DATA_ORIGIN_PATH = os.path.join("data","origin")
DATA_PREPARED_PATH = os.path.join("data", "prepared")
DATA_AGGREGATE_PATH = os.path.join(DATA_PREPARED_PATH, "aggregate")
MODEL_PATH = "model"
MODEL_TRAIN_PATH = os.path.join(MODEL_PATH, "train")
MODEL_TRAIN_AGGRATE_PATH = os.path.join(MODEL_PATH, "train-aggregate")
MODEL_ACTUAL_PATH = os.path.join(MODEL_PATH, "actual")

TSV_EXTENSION = ".tsv"
JSON_EXTENSION = ".json"
SPACY_EXTENSION = ".spacy"

TRAIN_DEV_DATASET = "train_dev"
TRAIN_DATASET = "train"

VALIDATE_DATASET = "devel"
TEST_DATASET = "test"

DATASET_TYPE = [TRAIN_DATASET, VALIDATE_DATASET, TEST_DATASET]

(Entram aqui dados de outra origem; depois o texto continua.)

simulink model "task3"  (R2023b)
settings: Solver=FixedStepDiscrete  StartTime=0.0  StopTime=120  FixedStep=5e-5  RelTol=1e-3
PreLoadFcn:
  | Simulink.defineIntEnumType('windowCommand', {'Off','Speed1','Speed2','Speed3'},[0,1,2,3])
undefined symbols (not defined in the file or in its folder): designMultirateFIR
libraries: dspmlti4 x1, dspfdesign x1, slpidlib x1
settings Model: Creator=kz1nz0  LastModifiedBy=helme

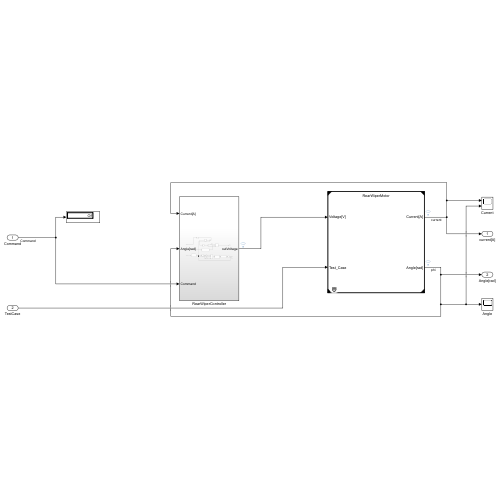
[thumbnail: Simulink's stored preview of the top-level diagram]
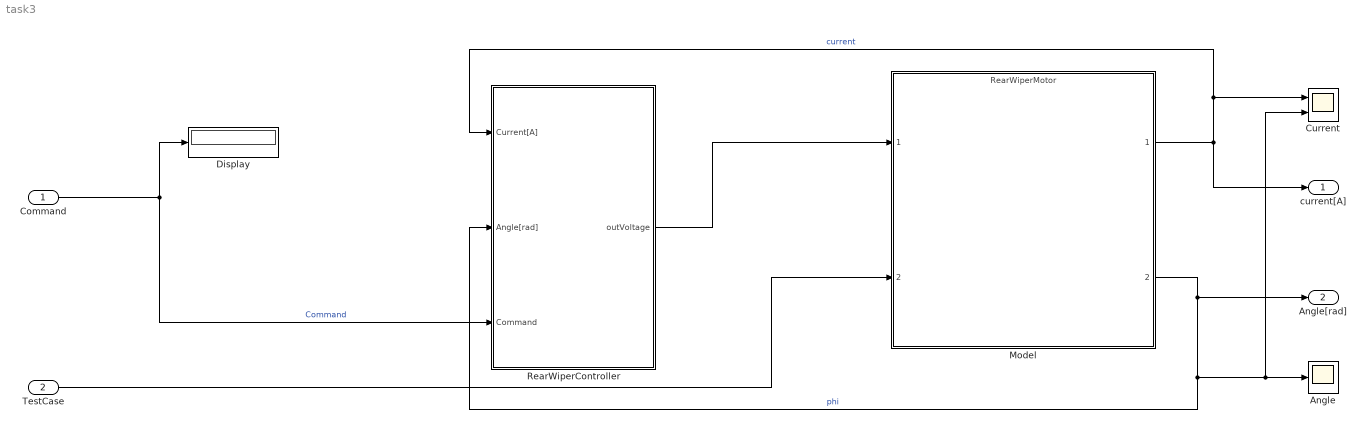
== system task3 ==
  Command : Inport  OutDataTypeStr=Enum: windowCommand
  TestCase : Inport  Port=2  OutDataTypeStr=int8
  Angle : Scope
  Current : Scope  NumInputPorts=2
  Display : Display
  Model : ModelReference  ModelNameDialog=RearWiperMotor.slxp  ModelReferenceVersion=19.15  CopyOfModelProtected=on
  RearWiperController : Subsystem
  current[A] : Outport
  Angle[rad] : Outport  Port=2
  wires:
  TestCase/1 -> Model/2
  Model/1 -> RearWiperController/1(Current[A]), Current/1, current[A]/1  "current"
  Model/2 -> Current/2, Angle/1, RearWiperController/2(Angle[rad]), Angle[rad]/1  "phi"
  RearWiperController/1(outVoltage) -> Model/1
  Command/1 -> Display/1, RearWiperController/3(Command)  "Command"

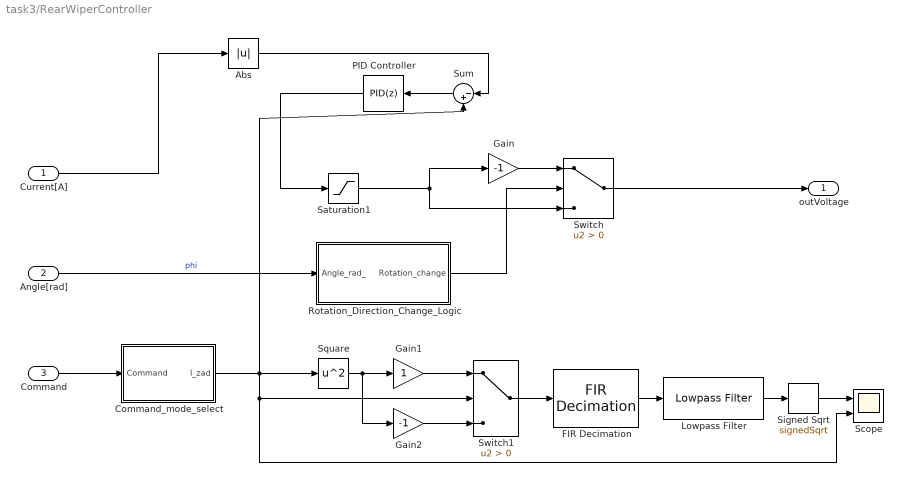
== system task3/RearWiperController ==
  Current[A] : Inport
  Angle[rad] : Inport  Port=2
  Command : Inport  Port=3  OutDataTypeStr=Enum: windowCommand
  Abs : Abs  SaturateOnIntegerOverflow=off
  Command_mode_select : Stateflow chart  TreatAsAtomicUnit=on
  FIR Decimation : dspmlti4/FIR Decimation  FilterSource=Auto  h=designMultirateFIR(1,2)  D=15  filtStruct=Direct form  FilterObject=FDECIM  framing=Enforce single-rate processing  AllowArbitraryInputLength=off  inputOffset=0  outputBufInitCond=0  roundingMode=Floor  overflowMode=off  firstCoeffDataTypeStr=Inherit: Same word length as input  firstCoeffMin=[]  firstCoeffMax=[]  firstCoeffLastDataTypeStr=Inherit: Same word length as input  outputDataTypeStr=Inherit: Same as accumulator  outputMin=[]  outputMax=[]  outputLastDataTypeStr=Inherit: Same as accumulator
  Gain : Gain  Gain=-1
  Gain1 : Gain
  Gain2 : Gain  Gain=-1
  Lowpass Filter : dspfdesign/Lowpass Filter  FilterType=FIR  DesignForMinimumOrder=on  FilterOrder=50  PassbandFrequency=8e3  StopbandFrequency=12e3  PassbandRipple=0.1  StopbandAttenuation=80  SampleRateMode=Specify on dialog  SampleRate=44100  SimulateUsing=Interpreted execution  roundingMode=Floor  coeffsDataTypeStr=fixdt(1,16)
  PID Controller : slpidlib/PID Controller  Controller=PID  Form=Parallel  TimeDomain=Discrete-time  UseExternalTs=off  SampleTime=-1  IntegratorMethod=Forward Euler  FilterMethod=Forward Euler  ControllerParametersSource=internal  P=20  I=0  UseKiTs=off  D=2  N=100  UseFilter=on  TunerSelectOption=Transfer Function Based (PID Tuner App)  InitialConditionSource=internal  InitialConditionForIntegrator=0  InitialConditionForFilter=0  DifferentiatorICPrevScaledInput=0  ExternalReset=none  TrackingMode=off  Kt=1  LimitOutput=off  SatLimitsSource=internal  UpperSaturationLimit=inf  LowerSaturationLimit=-inf  LinearizeAsGain=on  AntiWindupMode=none  Kb=1  LimitIntegrator=off  UpperIntegratorSaturationLimit=inf  LowerIntegratorSaturationLimit=-inf  POutMin=[]  POutMax=[]  IOutMin=[]  IOutMax=[]  DOutMin=[]  DOutMax=[]  NOutMin=[]  NOutMax=[]  SumOutMin=[]  SumOutMax=[]  SaturationOutMin=[]  SaturationOutMax=[]  PParamMin=[]  PParamMax=[]  IParamMin=[]  IParamMax=[]  DParamMin=[]  DParamMax=[]  NParamMin=[]  NParamMax=[]  KbParamMin=[]  KbParamMax=[]  KtParamMin=[]  KtParamMax=[]  KbOutMin=[]  KbOutMax=[]  KtOutMin=[]  KtOutMax=[]  IntegratorOutMin=[]  IntegratorOutMax=[]  FilterOutMin=[]  FilterOutMax=[]  SumI1OutMin=[]  SumI1OutMax=[]  SumI2OutMin=[]  SumI2OutMax=[]  SumI3OutMin=[]  SumI3OutMax=[]  SumI4OutMin=[]  SumI4OutMax=[]  SumDOutMin=[]  SumDOutMax=[]  DifferentiatorOutMin=[]  DifferentiatorOutMax=[]  FilterDiffOutCoefMin=[]  FilterDiffOutCoefMax=[]  ReciprocalOutMin=[]  ReciprocalOutMax=[]  SumDenOutMin=[]  SumDenOutMax=[]  SumNumOutMin=[]  SumNumOutMax=[]  DivideOutMin=[]  DivideOutMax=[]  UdiffTsProdOutMin=[]  UdiffTsProdOutMax=[]  NTsProdOutMin=[]  NTsProdOutMax=[]  UintegralTsProdOutMin=[]  UintegralTsProdOutMax=[]  UngainTsProdOutMin=[]  UngainTsProdOutMax=[]  ClampingZeroOutDataTypeStr=Inherit: Inherit via back propagation  ClampingZeroOutMin=[]  ClampingZeroOutMax=[]  FilterDenConstantOutDataTypeStr=Inherit: Inherit via back propagation  FilterDenConstantOutMin=[]  FilterDenConstantOutMax=[]  PCopyOutDataTypeStr=Inherit: Inherit via back propagation  PCopyOutMin=[]  PCopyOutMax=[]  NCopyOutDataTypeStr=Inherit: Inherit via back propagation  NCopyOutMin=[]  NCopyOutMax=[]  IntegratorContinuousStateAttributes=''  IntegratorStateMustResolveToSignalObject=off  IntegratorRTWStateStorageClass=Auto  FilterContinuousStateAttributes=''  FilterStateMustResolveToSignalObject=off  FilterRTWStateStorageClass=Auto  ParallelPVariant=InternalParameters  IdealPVariant=Disabled  IVariant=InternalParameters  DVariant=InternalParameters  IntegratorVariant=Discrete  SatVariant=Disabled  AWVariant=Passthrough  PCopyVariant=Disabled  TRVariant=Disabled  FdbkBlocksVariant=Forward  IdealPFdbkVariant=Disabled  SatFdbkVariant=Disabled  DerivativeFilterVariant=ForwardEulerFilter  NVariant=InternalParameters  NCopyVariant=Disabled  FilterICVariant=InternalICsFilter  IntegratorICVariant=InternalICs  ExternalResetVariant=Disabled  TRSumVariant=Passthrough  SumFdbkVariant=Disabled  SumVariant=Sum_PID  TsampFilterVariant=InternalTs  TsampNgainVariant=Passthrough  TsampIntegralVariant=Disabled_SignalSpec  ExternalSaturationOutDataTypeStr=Inherit: Same as second input
  Rotation_Direction_Change_Logic : Stateflow chart  TreatAsAtomicUnit=on
  Saturation1 : Saturate  UpperLimit=12  LowerLimit=-12
  Scope : Scope  NumInputPorts=2
  Signed Sqrt : Sqrt  Operator=signedSqrt
  Square : Math  Operator=square
  Sum : Sum  Inputs=|-+
  Switch : Switch  Criteria=u2 > Threshold  SaturateOnIntegerOverflow=off  InputSameDT=off
  Switch1 : Switch  Criteria=u2 > Threshold  SaturateOnIntegerOverflow=off  InputSameDT=off
  outVoltage : Outport
  wires:
  Rotation_Direction_Change_Logic/1(Rotation_change) -> Switch/2
  Gain/1 -> Switch/1
  Command/1 -> Command_mode_select/1(Command)
  Angle[rad]/1 -> Rotation_Direction_Change_Logic/1(Angle_rad_)  "phi"
  Saturation1/1 -> Switch/3, Gain/1
  Sum/1 -> PID Controller/1
  PID Controller/1 -> Saturation1/1
  Switch/1 -> outVoltage/1
  Abs/1 -> Sum/1
  Current[A]/1 -> Abs/1
  Command_mode_select/1(I_zad) -> Scope/2, Switch1/2, Square/1, Sum/2
  Square/1 -> Gain2/1, Gain1/1
  Gain2/1 -> Switch1/3
  Gain1/1 -> Switch1/1
  Switch1/1 -> FIR Decimation/1
  FIR Decimation/1 -> Lowpass Filter/1
  Lowpass Filter/1 -> Signed Sqrt/1
  Signed Sqrt/1 -> Scope/1

== stateflow chart task3/RearWiperController/Command_mode_select ==
  state Off
    entry:
    I_zad = 0;
  state first_speed
    entry:
    I_zad = 9;
  state third_speed
    entry:
    I_zad = 3;
  state second_speed
    entry:
    I_zad = 6;
  (default) -> Off
  Off -> third_speed [order 3] : [Command == 3]
  Off -> first_speed [order 1] : [Command == 1]
  first_speed -> Off [order 1] : [Command == 0]
  third_speed -> Off [order 1] : [Command == 0]
  second_speed -> Off [order 2] : [Command == 0]
  Off -> second_speed [order 2] : [Command == 2]
  second_speed -> first_speed [order 1] : [Command == 1]
  third_speed -> first_speed [order 2] : [Command == 1]
  first_speed -> third_speed [order 3] : [Command == 3]
  first_speed -> second_speed [order 2] : [Command == 2]
  second_speed -> third_speed [order 3] : [Command == 3]
  third_speed -> second_speed [order 3] : [Command == 2]
  data: Command input; I_zad output

== stateflow chart task3/RearWiperController/Rotation_Direction_Change_Logic ==
  state KIERUNEK_CW
    entry:
    Rotation_change = 0;
  state KIERUNEK_CCW
    entry:
    Rotation_change = 1;
  (default) -> KIERUNEK_CW
  KIERUNEK_CCW -> KIERUNEK_CW : [Angle_rad_<=1.05]
  KIERUNEK_CW -> KIERUNEK_CCW : [Angle_rad_>=1.95]
  data: Angle_rad_ input; Rotation_change output =0; kat local

#### Carrega os datasets convertidos para formato json conhecido do spacy. A versão 3 utiliza a classe *Example* e será tratada no treinamento

In [3]:
def load_data(label, dataset_type, group_by_label=True):
    data = []
    if group_by_label:
        file = os.path.join(DATA_PREPARED_PATH, label, label + "-" + dataset_type + JSON_EXTENSION)
    else:
        file = os.path.join(DATA_AGGREGATE_PATH, dataset_type + JSON_EXTENSION)
        
    with open (file, "r", encoding="utf-8") as f:
        json_data = json.load(f)
    for an in json_data:
        texto = an["texto"]
        entities = []
        for entidade in an["entities"]:
            info = (entidade["start"], entidade["end"], entidade["label"])
            entities.append(info)
        data.append((texto,{"entities":entities}))
    return data


#### Converte os dados em formato válido até a versão 2.0 do Spacy para a classe Example, que passou a ser utilizada na versão 3

In [4]:
def format_data_for_evaluation(data, nlp_model): 
    data_formated = []
    for text, annotations in data:
        doc = nlp_model.make_doc(text)
        example = Example.from_dict(doc, annotations)
        data_formated.append(example)
    return data_formated


### Treinamento de um Label utilizando sua respectiva base para treinamento

In [5]:
def train_spacy_one_label(train_data, validate_data, iterations, label, description):
    ner_name = label + "_ner"    
    nlp_train = spacy.blank("en")
    #nlp_train = spacy.load("en_core_web_md")
    
    ner = nlp_train.add_pipe("ner",name=ner_name)
    ner.add_label(label)    
    
    best_ents_p = -1
    best_ents_r = -1
    best_ents_f = -1
    
    with open(os.path.join(MODEL_TRAIN_PATH, "log_treino.txt" ) , "a") as log_file:
        log_file.write("\n")
        log_file.write(f"=======> [LABELS ISOLADOS] Inicio Treino {time.strftime('%d/%m/%Y %H:%M:%S', time.gmtime(time.time()))} ===================================== \n")
        log_file.write(f"Detalhes: {description} \n\n")
        
        other_pipes = [pipe for pipe in nlp_train.pipe_names if pipe != ner_name]
        with nlp_train.disable_pipes(*other_pipes):
            optimizer = nlp_train.begin_training()
            #optimizer = nlp_train.create_optimizer()
            print(f"{'#IT':5} | {'Loss':8} | {'Prec':6} | {'Recall':6} | {'F_Scr':6} | {'Save Mod':8} | {'Duração':10} ")
            log_file.write(f"{'#IT':5} | {'Loss':8} | {'Prec':6} | {'Recall':6} | {'F_Scr':6} | {'Save Mod':8} | {'Duracao':10} \n")
            
            for itn in range(iterations):
                start_time = time.time()
                linha = f"{str(itn):5} | "
                random.shuffle(train_data)
                losses = {}
                batches = minibatch(train_data, size=512)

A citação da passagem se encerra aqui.